> DIRECTIONS: Retype, word for word, each line between the lines holding "MATLAB Function4/1(u) -> Sum/1" and "fs1 = 0; fs2 = ones(25,1);", inclusive, and leave the rest of the data alone.

> SUPPLIED MATERIAL:

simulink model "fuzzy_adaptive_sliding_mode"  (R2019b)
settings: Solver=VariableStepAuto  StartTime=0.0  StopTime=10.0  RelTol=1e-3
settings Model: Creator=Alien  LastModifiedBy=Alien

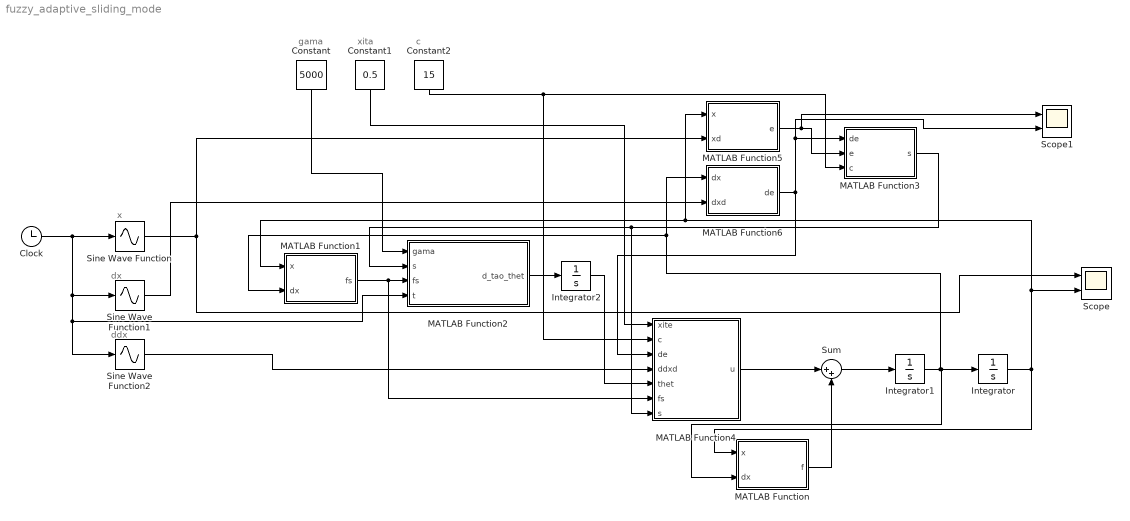
== system fuzzy_adaptive_sliding_mode ==
  note: c
  note: xita
  note: gama
  note: ddx
  note: x
  note: dx
  Clock : Clock
  Constant : Constant  Value=5000
  Constant1 : Constant  Value=0.5
  Constant2 : Constant  Value=15
  Integrator : Integrator
  Integrator1 : Integrator  InitialCondition=0.15
  Integrator2 : Integrator
  MATLAB Function : MATLAB Function  TreatAsAtomicUnit=on
  MATLAB Function1 : MATLAB Function  TreatAsAtomicUnit=on
  MATLAB Function2 : MATLAB Function  TreatAsAtomicUnit=on
  MATLAB Function3 : MATLAB Function  TreatAsAtomicUnit=on
  MATLAB Function4 : MATLAB Function  TreatAsAtomicUnit=on
  MATLAB Function5 : MATLAB Function  TreatAsAtomicUnit=on
  MATLAB Function6 : MATLAB Function  TreatAsAtomicUnit=on
  Scope : Scope  NumInputPorts=2
  Scope1 : Scope  NumInputPorts=2
  Sine Wave Function : Sin  TimeSource=Use external signal  SampleTime=0
  Sine Wave Function1 : Sin  TimeSource=Use external signal  Phase=pi/2  SampleTime=0
  Sine Wave Function2 : Sin  TimeSource=Use external signal  Amplitude=-1  SampleTime=0
  Sum : Sum  Inputs=|++
  wires:
  Integrator1/1 -> MATLAB Function1/2(dx), MATLAB Function6/1(dx), MATLAB Function/2(dx), Integrator/1
  Sum/1 -> Integrator1/1
  MATLAB Function/1(f) -> Sum/2
  MATLAB Function4/1(u) -> Sum/1
  MATLAB Function5/1(e) -> Scope1/1, MATLAB Function3/2(e)
  MATLAB Function6/1(de) -> MATLAB Function4/3(de), Scope1/2, MATLAB Function3/1(de)
  MATLAB Function3/1(s) -> MATLAB Function4/7(s), MATLAB Function2/2(s)
  Integrator/1 -> Scope/2, MATLAB Function1/1(x), MATLAB Function5/1(x), MATLAB Function/1(x)
  Clock/1 -> Sine Wave Function2/1, MATLAB Function2/4(t), Sine Wave Function1/1, Sine Wave Function/1
  MATLAB Function1/1(fs) -> MATLAB Function2/3(fs), MATLAB Function4/6(fs)
  Constant/1 -> MATLAB Function2/1(gama)
  Sine Wave Function2/1 -> MATLAB Function4/4(ddxd)
  Constant2/1 -> MATLAB Function3/3(c), MATLAB Function4/2(c)
  Constant1/1 -> MATLAB Function4/1(xite)
  Sine Wave Function/1 -> Scope/1, MATLAB Function5/2(xd)
  Sine Wave Function1/1 -> MATLAB Function6/2(dxd)
  MATLAB Function2/1(d_tao_thet) -> Integrator2/1
  Integrator2/1 -> MATLAB Function4/5(thet)

== matlab function fuzzy_adaptive_sliding_mode/MATLAB Function1 ==
  data: x input; fs output size=[25 1]; dx input
function fs = fcn(x, dx)
fs1 = 0; fs2 = ones(25,1);
u1 = ones(5,1); u2 = ones(5,1);
for l1 = 1:1:5
    u1(l1,1) = exp(-((x + pi/3 - (l1 - 1) * pi/6)/(pi/12))^2);
    u2(l1,1) = exp(-((dx + pi/3 - (l1 - 1) * pi/6)/(pi/12))^2);
end

for l1 = 1:1:5
    for l2 = 1:1:5
        fs2(5*(l1-1)+l2,1) = u1(l1,1) * u2(l2,1); %25*1
        fs1 = fs1 + u1(l1,1) * u2(l2,1);
    end
end

fs = fs2/(fs1+0.001);

== matlab function fuzzy_adaptive_sliding_mode/MATLAB Function ==
  data: x input; f output; dx input
function f = fcn(x, dx)
f = 10 * x * dx;

== matlab function fuzzy_adaptive_sliding_mode/MATLAB Function2 ==
  data: gama input; d_tao_thet output size=[25 1]; s input; fs input; t input
function d_tao_thet = fcn(gama, s, fs, t)
if t == 0
    d_tao_thet = ones(25,1)/10;
else
    d_tao_thet = gama * s * fs; %25*1
end

== matlab function fuzzy_adaptive_sliding_mode/MATLAB Function3 ==
  data: de input; s output; e input; c input
function s = fcn(de, e, c)
s = de + c*e;

== matlab function fuzzy_adaptive_sliding_mode/MATLAB Function4 ==
  data: xite input; u output; c input; de input; ddxd input; thet input; fs input; s input
function u = fcn(xite, c, de, ddxd, thet, fs, s)
fxp = thet' * fs;
u = -c * de + ddxd - fxp - xite * sign(s);

== matlab function fuzzy_adaptive_sliding_mode/MATLAB Function5 ==
  data: x input; e output; xd input
function e = fcn(x, xd)
e = x - xd;

== matlab function fuzzy_adaptive_sliding_mode/MATLAB Function6 ==
  data: dx input; de output; dxd input
function de = fcn(dx, dxd)
de = dx - dxd;

> EXERCISE SOLUTION:
  MATLAB Function4/1(u) -> Sum/1
  MATLAB Function5/1(e) -> Scope1/1, MATLAB Function3/2(e)
  MATLAB Function6/1(de) -> MATLAB Function4/3(de), Scope1/2, MATLAB Function3/1(de)
  MATLAB Function3/1(s) -> MATLAB Function4/7(s), MATLAB Function2/2(s)
  Integrator/1 -> Scope/2, MATLAB Function1/1(x), MATLAB Function5/1(x), MATLAB Function/1(x)
  Clock/1 -> Sine Wave Function2/1, MATLAB Function2/4(t), Sine Wave Function1/1, Sine Wave Function/1
  MATLAB Function1/1(fs) -> MATLAB Function2/3(fs), MATLAB Function4/6(fs)
  Constant/1 -> MATLAB Function2/1(gama)
  Sine Wave Function2/1 -> MATLAB Function4/4(ddxd)
  Constant2/1 -> MATLAB Function3/3(c), MATLAB Function4/2(c)
  Constant1/1 -> MATLAB Function4/1(xite)
  Sine Wave Function/1 -> Scope/1, MATLAB Function5/2(xd)
  Sine Wave Function1/1 -> MATLAB Function6/2(dxd)
  MATLAB Function2/1(d_tao_thet) -> Integrator2/1
  Integrator2/1 -> MATLAB Function4/5(thet)

== matlab function fuzzy_adaptive_sliding_mode/MATLAB Function1 ==
  data: x input; fs output size=[25 1]; dx input
function fs = fcn(x, dx)
fs1 = 0; fs2 = ones(25,1);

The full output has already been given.